Extracted data: Begin
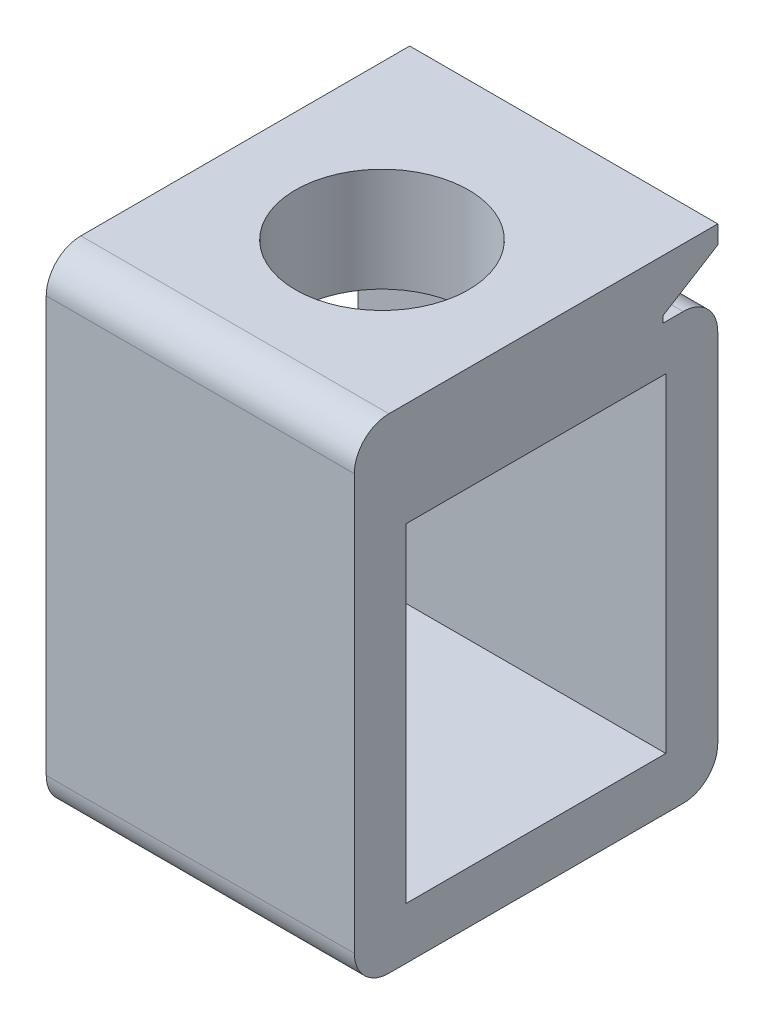
ISO-10303-21;
HEADER;
FILE_DESCRIPTION(('STEP AP214'),'2;1');
FILE_NAME('part.step','',(''),(''),'','','');
FILE_SCHEMA(('AUTOMOTIVE_DESIGN { 1 0 10303 214 1 1 1 1 }'));
ENDSEC;
DATA;
#1=APPLICATION_CONTEXT('core data for automotive mechanical design processes');
#2=APPLICATION_PROTOCOL_DEFINITION('international standard','automotive_design',2000,#1);
#3=PRODUCT_CONTEXT('',#1,'mechanical');
#4=PRODUCT('Part','Part','',(#3));
#5=PRODUCT_RELATED_PRODUCT_CATEGORY('part','',(#4));
#6=PRODUCT_DEFINITION_FORMATION('','',#4);
#7=PRODUCT_DEFINITION_CONTEXT('part definition',#1,'design');
#8=PRODUCT_DEFINITION('design','',#6,#7);
#9=PRODUCT_DEFINITION_SHAPE('','',#8);
#10=(LENGTH_UNIT() NAMED_UNIT(*) SI_UNIT(.MILLI.,.METRE.));
#11=(NAMED_UNIT(*) PLANE_ANGLE_UNIT() SI_UNIT($,.RADIAN.));
#12=(NAMED_UNIT(*) SI_UNIT($,.STERADIAN.) SOLID_ANGLE_UNIT());
#13=UNCERTAINTY_MEASURE_WITH_UNIT(LENGTH_MEASURE(1.E-05),#10,'distance_accuracy_value','');
#14=(GEOMETRIC_REPRESENTATION_CONTEXT(3) GLOBAL_UNCERTAINTY_ASSIGNED_CONTEXT((#13)) GLOBAL_UNIT_ASSIGNED_CONTEXT((#10,
#11,#12)) REPRESENTATION_CONTEXT('',''));
#15=CARTESIAN_POINT('',(0.,0.,0.));
#16=DIRECTION('',(0.,0.,1.));
#17=DIRECTION('',(1.,0.,0.));
#18=AXIS2_PLACEMENT_3D('',#15,#16,#17);
#19=CARTESIAN_POINT('',(-4.45,7.,-5.25));
#20=DIRECTION('',(0.,0.,-1.));
#21=DIRECTION('',(0.,1.,0.));
#22=AXIS2_PLACEMENT_3D('',#19,#20,#21);
#23=PLANE('',#22);
#24=DIRECTION('',(0.,1.,0.));
#25=VECTOR('',#24,1.);
#26=CARTESIAN_POINT('',(4.45,7.,-5.25));
#27=LINE('',#26,#25);
#28=CARTESIAN_POINT('',(4.45000000000001,6.47098586947559,-5.25));
#29=VERTEX_POINT('',#28);
#30=CARTESIAN_POINT('',(4.45,7.,-5.25));
#31=VERTEX_POINT('',#30);
#32=EDGE_CURVE('E200',#29,#31,#27,.T.);
#33=ORIENTED_EDGE('',*,*,#32,.F.);
#34=DIRECTION('',(-1.,0.,0.));
#35=VECTOR('',#34,1.);
#36=CARTESIAN_POINT('',(28.9914190706243,6.47098586947559,-5.25));
#37=LINE('',#36,#35);
#38=CARTESIAN_POINT('',(-4.44999999999999,6.47098586947559,-5.25));
#39=VERTEX_POINT('',#38);
#40=EDGE_CURVE('E162',#29,#39,#37,.T.);
#41=ORIENTED_EDGE('',*,*,#40,.T.);
#42=DIRECTION('',(0.,1.,0.));
#43=VECTOR('',#42,1.);
#44=CARTESIAN_POINT('',(-4.45,7.,-5.25));
#45=LINE('',#44,#43);
#46=CARTESIAN_POINT('',(-4.45,7.,-5.25));
#47=VERTEX_POINT('',#46);
#48=EDGE_CURVE('E233',#39,#47,#45,.T.);
#49=ORIENTED_EDGE('',*,*,#48,.T.);
#50=DIRECTION('',(1.,0.,0.));
#51=VECTOR('',#50,1.);
#52=CARTESIAN_POINT('',(-4.45,7.,-5.25));
#53=LINE('',#52,#51);
#54=EDGE_CURVE('E240',#47,#31,#53,.T.);
#55=ORIENTED_EDGE('',*,*,#54,.T.);
#56=EDGE_LOOP('',(#33,#41,#49,#55));
#57=FACE_BOUND('',#56,.T.);
#58=ADVANCED_FACE('F35',(#57),#23,.T.);
#59=CARTESIAN_POINT('',(-4.45,-5.99999999999999,-5.25000000000001));
#60=VERTEX_POINT('',#59);
#61=CARTESIAN_POINT('',(-4.45,4.30653431528374,-5.25));
#62=VERTEX_POINT('',#61);
#63=EDGE_CURVE('E234',#60,#62,#45,.T.);
#64=ORIENTED_EDGE('',*,*,#63,.T.);
#65=DIRECTION('',(-1.,0.,0.));
#66=VECTOR('',#65,1.);
#67=CARTESIAN_POINT('',(-4.45,4.30653431528374,-5.25));
#68=LINE('',#67,#66);
#69=CARTESIAN_POINT('',(4.45,4.30653431528374,-5.25));
#70=VERTEX_POINT('',#69);
#71=EDGE_CURVE('E262',#62,#70,#68,.F.);
#72=ORIENTED_EDGE('',*,*,#71,.T.);
#73=CARTESIAN_POINT('',(4.45,-5.99999999999999,-5.25000000000001));
#74=VERTEX_POINT('',#73);
#75=EDGE_CURVE('E201',#74,#70,#27,.T.);
#76=ORIENTED_EDGE('',*,*,#75,.F.);
#77=DIRECTION('',(1.,0.,0.));
#78=VECTOR('',#77,1.);
#79=CARTESIAN_POINT('',(-4.45,-6.,-5.25000000000001));
#80=LINE('',#79,#78);
#81=EDGE_CURVE('E260',#74,#60,#80,.F.);
#82=ORIENTED_EDGE('',*,*,#81,.T.);
#83=EDGE_LOOP('',(#64,#72,#76,#82));
#84=FACE_BOUND('',#83,.T.);
#85=ADVANCED_FACE('F301',(#84),#23,.T.);
#86=CARTESIAN_POINT('',(-4.45,0.,0.));
#87=DIRECTION('',(1.,0.,0.));
#88=DIRECTION('',(0.,0.,-1.));
#89=AXIS2_PLACEMENT_3D('',#86,#87,#88);
#90=PLANE('',#89);
#91=DIRECTION('',(0.,0.,-1.));
#92=VECTOR('',#91,1.);
#93=CARTESIAN_POINT('',(-4.45,-5.5,-3.75000000000001));
#94=LINE('',#93,#92);
#95=CARTESIAN_POINT('',(-4.45,-5.5,3.75));
#96=VERTEX_POINT('',#95);
#97=CARTESIAN_POINT('',(-4.45,-5.5,-3.75000000000001));
#98=VERTEX_POINT('',#97);
#99=EDGE_CURVE('E216',#96,#98,#94,.T.);
#100=ORIENTED_EDGE('',*,*,#99,.T.);
#101=DIRECTION('',(0.,1.,0.));
#102=VECTOR('',#101,1.);
#103=CARTESIAN_POINT('',(-4.45,-5.5,-3.75000000000001));
#104=LINE('',#103,#102);
#105=CARTESIAN_POINT('',(-4.45,4.,-3.75000000000001));
#106=VERTEX_POINT('',#105);
#107=EDGE_CURVE('E207',#98,#106,#104,.T.);
#108=ORIENTED_EDGE('',*,*,#107,.T.);
#109=DIRECTION('',(0.,0.,1.));
#110=VECTOR('',#109,1.);
#111=CARTESIAN_POINT('',(-4.45,4.,-3.75000000000001));
#112=LINE('',#111,#110);
#113=CARTESIAN_POINT('',(-4.45,4.,3.75));
#114=VERTEX_POINT('',#113);
#115=EDGE_CURVE('E210',#106,#114,#112,.T.);
#116=ORIENTED_EDGE('',*,*,#115,.T.);
#117=DIRECTION('',(0.,-1.,0.));
#118=VECTOR('',#117,1.);
#119=CARTESIAN_POINT('',(-4.45,-5.5,3.75));
#120=LINE('',#119,#118);
#121=EDGE_CURVE('E213',#114,#96,#120,.T.);
#122=ORIENTED_EDGE('',*,*,#121,.T.);
#123=EDGE_LOOP('',(#100,#108,#116,#122));
#124=FACE_BOUND('',#123,.T.);
#125=DIRECTION('',(0.,0.,1.));
#126=VECTOR('',#125,1.);
#127=CARTESIAN_POINT('',(-4.45,5.30653431528374,0.));
#128=LINE('',#127,#126);
#129=CARTESIAN_POINT('',(-4.45,5.30653431528374,-4.25));
#130=VERTEX_POINT('',#129);
#131=CARTESIAN_POINT('',(-4.44999999999999,5.30653431528374,-3.66105649789782));
#132=VERTEX_POINT('',#131);
#133=EDGE_CURVE('E151',#130,#132,#128,.T.);
#134=ORIENTED_EDGE('',*,*,#133,.F.);
#135=CARTESIAN_POINT('',(-4.45,4.30653431528374,-4.25));
#136=DIRECTION('',(1.,0.,0.));
#137=DIRECTION('',(0.,0.,-1.));
#138=AXIS2_PLACEMENT_3D('',#135,#136,#137);
#139=CIRCLE('',#138,1.);
#140=EDGE_CURVE('E258',#130,#62,#139,.F.);
#141=ORIENTED_EDGE('',*,*,#140,.T.);
#142=ORIENTED_EDGE('',*,*,#63,.F.);
#143=CARTESIAN_POINT('',(-4.45,-6.,-4.25000000000001));
#144=DIRECTION('',(1.,0.,0.));
#145=DIRECTION('',(0.,0.,-1.));
#146=AXIS2_PLACEMENT_3D('',#143,#144,#145);
#147=CIRCLE('',#146,1.);
#148=CARTESIAN_POINT('',(-4.45,-7.,-4.25000000000001));
#149=VERTEX_POINT('',#148);
#150=EDGE_CURVE('E256',#60,#149,#147,.F.);
#151=ORIENTED_EDGE('',*,*,#150,.T.);
#152=DIRECTION('',(0.,0.,-1.));
#153=VECTOR('',#152,1.);
#154=CARTESIAN_POINT('',(-4.45,-7.,5.25));
#155=LINE('',#154,#153);
#156=CARTESIAN_POINT('',(-4.45,-7.,4.25));
#157=VERTEX_POINT('',#156);
#158=EDGE_CURVE('E230',#157,#149,#155,.T.);
#159=ORIENTED_EDGE('',*,*,#158,.F.);
#160=CARTESIAN_POINT('',(-4.45,-6.,4.25));
#161=DIRECTION('',(1.,0.,0.));
#162=DIRECTION('',(0.,0.,-1.));
#163=AXIS2_PLACEMENT_3D('',#160,#161,#162);
#164=CIRCLE('',#163,1.);
#165=CARTESIAN_POINT('',(-4.45,-6.,5.25));
#166=VERTEX_POINT('',#165);
#167=EDGE_CURVE('E254',#157,#166,#164,.F.);
#168=ORIENTED_EDGE('',*,*,#167,.T.);
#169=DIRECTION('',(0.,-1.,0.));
Extracted data: End
- [Directions for this task]: Restate the lines of the records exactly, starting at the first and stopping after the line with "#3=PRODUCT_CONTEXT('',#1,'mechanical');". Leave out any picture.

- [Exercise answer]:
ISO-10303-21;
HEADER;
FILE_DESCRIPTION(('STEP AP214'),'2;1');
FILE_NAME('part.step','',(''),(''),'','','');
FILE_SCHEMA(('AUTOMOTIVE_DESIGN { 1 0 10303 214 1 1 1 1 }'));
ENDSEC;
DATA;
#1=APPLICATION_CONTEXT('core data for automotive mechanical design processes');
#2=APPLICATION_PROTOCOL_DEFINITION('international standard','automotive_design',2000,#1);
#3=PRODUCT_CONTEXT('',#1,'mechanical');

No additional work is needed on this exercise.